Data records Block Start

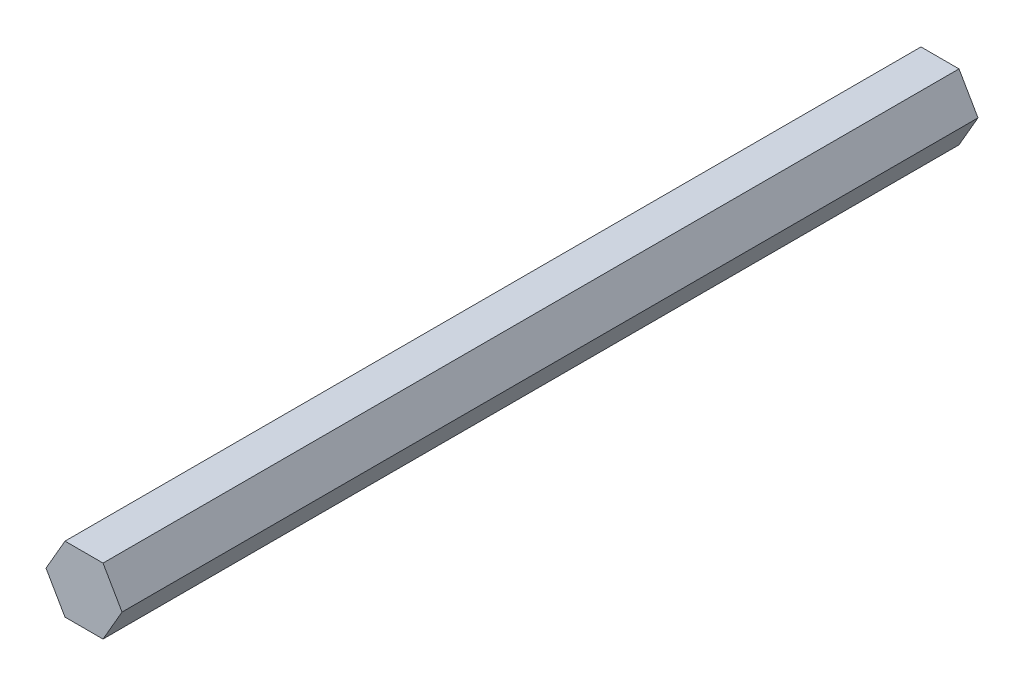
SolidWorks part; units mm, degrees
ref_plane "Front Plane" through (0, 0, 0) normal (0, 0, 1) x (1, 0, 0)
ref_plane "Top Plane" through (0, 0, 0) normal (0, 1, 0) x (1, 0, 0)
ref_plane "Right Plane" through (0, 0, 0) normal (1, 0, 0) x (0, 0, -1)
sketch "Sketch1" plane through (0, 0, 0) normal (0, 0, 1) x (1, 0, 0)
  line L1 (3.6635, -6.3515) -> (7.3323, -0.003)
  line L2 (7.3323, -0.003) -> (3.6688, 6.3485)
  line L3 (3.6688, 6.3485) -> (-3.6635, 6.3515)
  line L4 (-3.6635, 6.3515) -> (-7.3323, 0.003)
  line L5 (-7.3323, 0.003) -> (-3.6688, -6.3485)
  line L6 (-3.6688, -6.3485) -> (3.6635, -6.3515)
  circle A0 centre (0, 0) radius 6.35 construction
  dimension "D1" = 12.7
extrude "Boss-Extrude1" add sketch "Sketch1" along normal blind 165.1

Data records Block End

Look for the line with "line L6 (-3.6688, -6.3485)" in the listing above. Print it and each later line exactly, ending with the last line.

  line L6 (-3.6688, -6.3485) -> (3.6635, -6.3515)
  circle A0 centre (0, 0) radius 6.35 construction
  dimension "D1" = 12.7
extrude "Boss-Extrude1" add sketch "Sketch1" along normal blind 165.1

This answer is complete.